Extracted material: Begin

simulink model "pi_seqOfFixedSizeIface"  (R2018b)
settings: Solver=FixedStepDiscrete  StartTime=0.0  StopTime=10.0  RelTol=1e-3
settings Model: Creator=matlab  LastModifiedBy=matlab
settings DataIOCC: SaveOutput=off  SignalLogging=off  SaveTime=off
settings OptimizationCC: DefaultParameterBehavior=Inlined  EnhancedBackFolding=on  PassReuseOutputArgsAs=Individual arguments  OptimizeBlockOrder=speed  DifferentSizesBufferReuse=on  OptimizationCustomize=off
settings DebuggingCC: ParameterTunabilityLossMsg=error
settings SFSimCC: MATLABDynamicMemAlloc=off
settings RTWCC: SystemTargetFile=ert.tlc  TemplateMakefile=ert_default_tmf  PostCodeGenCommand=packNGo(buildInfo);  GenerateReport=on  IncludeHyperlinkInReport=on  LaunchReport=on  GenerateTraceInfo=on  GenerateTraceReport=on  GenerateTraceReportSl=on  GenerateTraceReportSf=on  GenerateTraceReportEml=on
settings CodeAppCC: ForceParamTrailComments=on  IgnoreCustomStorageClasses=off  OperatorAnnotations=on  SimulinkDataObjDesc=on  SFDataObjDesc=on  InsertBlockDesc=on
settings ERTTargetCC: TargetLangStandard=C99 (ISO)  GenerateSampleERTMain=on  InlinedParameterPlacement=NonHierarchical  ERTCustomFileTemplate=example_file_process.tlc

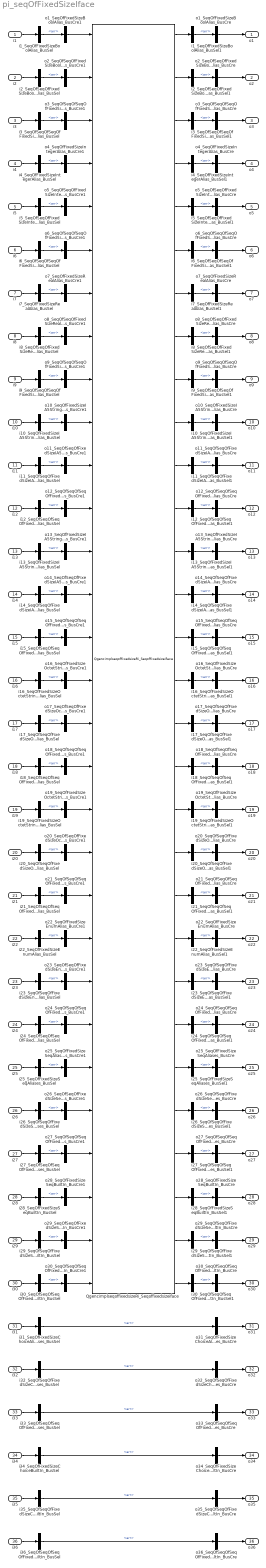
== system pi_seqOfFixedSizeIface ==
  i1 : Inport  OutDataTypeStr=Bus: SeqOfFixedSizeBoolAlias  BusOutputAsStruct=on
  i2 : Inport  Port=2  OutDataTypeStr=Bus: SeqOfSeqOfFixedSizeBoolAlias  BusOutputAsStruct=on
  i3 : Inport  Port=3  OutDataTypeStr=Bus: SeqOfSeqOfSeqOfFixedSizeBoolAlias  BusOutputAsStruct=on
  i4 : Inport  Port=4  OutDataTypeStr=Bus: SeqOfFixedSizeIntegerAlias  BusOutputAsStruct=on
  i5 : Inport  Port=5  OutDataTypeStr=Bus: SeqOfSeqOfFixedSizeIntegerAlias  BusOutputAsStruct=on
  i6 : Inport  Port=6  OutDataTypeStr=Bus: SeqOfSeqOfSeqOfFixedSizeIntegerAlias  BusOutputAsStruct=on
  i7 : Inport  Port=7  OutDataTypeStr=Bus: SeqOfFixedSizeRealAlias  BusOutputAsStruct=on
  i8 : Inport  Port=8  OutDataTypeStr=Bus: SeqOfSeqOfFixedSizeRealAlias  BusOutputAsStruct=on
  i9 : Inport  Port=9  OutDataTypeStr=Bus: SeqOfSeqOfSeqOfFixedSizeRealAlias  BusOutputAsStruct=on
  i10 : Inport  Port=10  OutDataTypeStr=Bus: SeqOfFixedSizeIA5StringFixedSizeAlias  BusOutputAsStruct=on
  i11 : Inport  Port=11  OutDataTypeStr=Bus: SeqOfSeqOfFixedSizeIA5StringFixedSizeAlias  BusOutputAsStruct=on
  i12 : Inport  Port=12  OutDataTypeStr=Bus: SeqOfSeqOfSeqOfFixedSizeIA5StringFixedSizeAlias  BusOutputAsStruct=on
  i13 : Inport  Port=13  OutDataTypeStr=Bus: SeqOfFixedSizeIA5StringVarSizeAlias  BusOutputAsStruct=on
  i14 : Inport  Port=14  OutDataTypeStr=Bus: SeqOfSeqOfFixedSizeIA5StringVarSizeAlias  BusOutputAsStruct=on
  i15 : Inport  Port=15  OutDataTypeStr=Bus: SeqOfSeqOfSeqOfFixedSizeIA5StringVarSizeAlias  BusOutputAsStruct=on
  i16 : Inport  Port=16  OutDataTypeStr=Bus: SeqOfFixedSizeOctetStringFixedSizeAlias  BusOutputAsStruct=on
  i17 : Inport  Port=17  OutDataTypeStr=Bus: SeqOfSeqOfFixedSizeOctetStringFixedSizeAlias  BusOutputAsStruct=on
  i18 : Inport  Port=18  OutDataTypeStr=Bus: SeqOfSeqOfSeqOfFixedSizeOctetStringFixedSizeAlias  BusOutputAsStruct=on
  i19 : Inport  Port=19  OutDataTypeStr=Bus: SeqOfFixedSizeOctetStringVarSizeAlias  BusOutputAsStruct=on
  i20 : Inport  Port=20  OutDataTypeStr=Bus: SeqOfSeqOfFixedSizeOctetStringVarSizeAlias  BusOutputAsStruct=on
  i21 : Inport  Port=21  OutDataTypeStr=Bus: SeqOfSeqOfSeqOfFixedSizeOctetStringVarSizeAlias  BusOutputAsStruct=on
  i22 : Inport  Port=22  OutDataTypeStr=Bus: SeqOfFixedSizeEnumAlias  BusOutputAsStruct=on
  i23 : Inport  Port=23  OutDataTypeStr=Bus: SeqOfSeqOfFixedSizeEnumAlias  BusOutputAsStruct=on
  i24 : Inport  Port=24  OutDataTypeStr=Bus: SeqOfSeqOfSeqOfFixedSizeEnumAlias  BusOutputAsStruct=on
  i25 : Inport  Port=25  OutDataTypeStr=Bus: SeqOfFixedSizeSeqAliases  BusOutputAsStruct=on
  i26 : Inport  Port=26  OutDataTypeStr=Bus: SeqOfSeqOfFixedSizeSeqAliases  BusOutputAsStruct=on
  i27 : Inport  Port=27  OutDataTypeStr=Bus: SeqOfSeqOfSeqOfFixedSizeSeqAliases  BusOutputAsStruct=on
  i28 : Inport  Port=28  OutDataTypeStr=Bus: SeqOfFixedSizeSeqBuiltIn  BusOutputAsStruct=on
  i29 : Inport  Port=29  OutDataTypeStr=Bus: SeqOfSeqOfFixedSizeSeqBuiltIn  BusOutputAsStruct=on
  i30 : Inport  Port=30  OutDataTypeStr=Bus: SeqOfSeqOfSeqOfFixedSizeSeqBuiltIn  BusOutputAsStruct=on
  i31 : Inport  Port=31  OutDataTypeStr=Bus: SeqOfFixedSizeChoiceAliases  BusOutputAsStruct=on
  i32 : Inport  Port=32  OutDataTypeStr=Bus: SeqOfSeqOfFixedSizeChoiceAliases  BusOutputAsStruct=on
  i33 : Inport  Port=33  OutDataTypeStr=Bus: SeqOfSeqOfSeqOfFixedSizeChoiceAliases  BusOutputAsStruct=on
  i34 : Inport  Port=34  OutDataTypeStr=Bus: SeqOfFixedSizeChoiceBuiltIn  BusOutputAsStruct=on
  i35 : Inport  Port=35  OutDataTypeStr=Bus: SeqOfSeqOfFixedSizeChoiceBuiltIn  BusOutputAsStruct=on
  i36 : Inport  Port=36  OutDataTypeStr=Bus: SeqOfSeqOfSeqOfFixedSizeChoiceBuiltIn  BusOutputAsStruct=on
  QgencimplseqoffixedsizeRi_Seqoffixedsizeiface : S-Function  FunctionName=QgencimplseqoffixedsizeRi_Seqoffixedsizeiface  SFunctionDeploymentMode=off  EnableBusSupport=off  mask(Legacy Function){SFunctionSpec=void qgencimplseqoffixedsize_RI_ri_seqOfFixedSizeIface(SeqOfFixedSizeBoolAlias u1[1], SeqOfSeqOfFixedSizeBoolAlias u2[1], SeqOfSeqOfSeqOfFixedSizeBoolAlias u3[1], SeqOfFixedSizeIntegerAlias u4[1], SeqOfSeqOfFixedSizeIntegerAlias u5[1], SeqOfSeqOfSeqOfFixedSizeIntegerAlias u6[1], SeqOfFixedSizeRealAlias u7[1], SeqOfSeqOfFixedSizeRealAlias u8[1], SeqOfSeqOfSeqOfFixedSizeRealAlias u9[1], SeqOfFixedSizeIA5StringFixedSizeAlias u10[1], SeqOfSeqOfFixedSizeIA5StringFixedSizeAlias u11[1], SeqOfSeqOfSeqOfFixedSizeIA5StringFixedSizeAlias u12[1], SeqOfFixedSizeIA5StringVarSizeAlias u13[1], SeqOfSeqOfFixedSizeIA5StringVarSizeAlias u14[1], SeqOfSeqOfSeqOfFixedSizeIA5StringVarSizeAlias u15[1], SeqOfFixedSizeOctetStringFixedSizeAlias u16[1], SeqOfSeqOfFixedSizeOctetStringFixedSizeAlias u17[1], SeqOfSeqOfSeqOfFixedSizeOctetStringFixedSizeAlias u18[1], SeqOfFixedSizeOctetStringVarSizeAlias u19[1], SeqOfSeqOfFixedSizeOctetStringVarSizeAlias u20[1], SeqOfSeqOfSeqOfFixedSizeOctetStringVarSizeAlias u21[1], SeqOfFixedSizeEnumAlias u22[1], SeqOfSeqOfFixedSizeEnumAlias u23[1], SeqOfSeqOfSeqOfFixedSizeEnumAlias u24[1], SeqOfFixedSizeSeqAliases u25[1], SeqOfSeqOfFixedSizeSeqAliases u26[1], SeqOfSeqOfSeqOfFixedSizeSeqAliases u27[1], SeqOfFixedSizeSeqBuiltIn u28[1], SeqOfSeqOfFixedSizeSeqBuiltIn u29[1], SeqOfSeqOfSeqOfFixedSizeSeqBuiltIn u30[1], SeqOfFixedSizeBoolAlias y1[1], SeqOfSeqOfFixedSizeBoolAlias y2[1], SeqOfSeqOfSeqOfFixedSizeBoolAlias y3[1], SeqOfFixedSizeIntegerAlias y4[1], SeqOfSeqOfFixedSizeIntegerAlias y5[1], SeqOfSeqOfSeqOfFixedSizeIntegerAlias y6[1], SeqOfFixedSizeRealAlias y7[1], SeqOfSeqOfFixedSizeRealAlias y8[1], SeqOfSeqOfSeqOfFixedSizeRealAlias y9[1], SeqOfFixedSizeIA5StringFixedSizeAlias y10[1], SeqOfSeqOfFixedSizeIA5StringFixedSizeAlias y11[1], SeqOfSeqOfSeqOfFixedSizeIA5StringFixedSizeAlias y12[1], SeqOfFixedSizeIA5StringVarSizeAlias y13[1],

Extracted material: End

## Work order
Up to and including the line with "settings SFSimCC: MATLABDynamicMemAlloc=off", print every line of the material above, starting from its first line, exactly.

## Task answer
simulink model "pi_seqOfFixedSizeIface"  (R2018b)
settings: Solver=FixedStepDiscrete  StartTime=0.0  StopTime=10.0  RelTol=1e-3
settings Model: Creator=matlab  LastModifiedBy=matlab
settings DataIOCC: SaveOutput=off  SignalLogging=off  SaveTime=off
settings OptimizationCC: DefaultParameterBehavior=Inlined  EnhancedBackFolding=on  PassReuseOutputArgsAs=Individual arguments  OptimizeBlockOrder=speed  DifferentSizesBufferReuse=on  OptimizationCustomize=off
settings DebuggingCC: ParameterTunabilityLossMsg=error
settings SFSimCC: MATLABDynamicMemAlloc=off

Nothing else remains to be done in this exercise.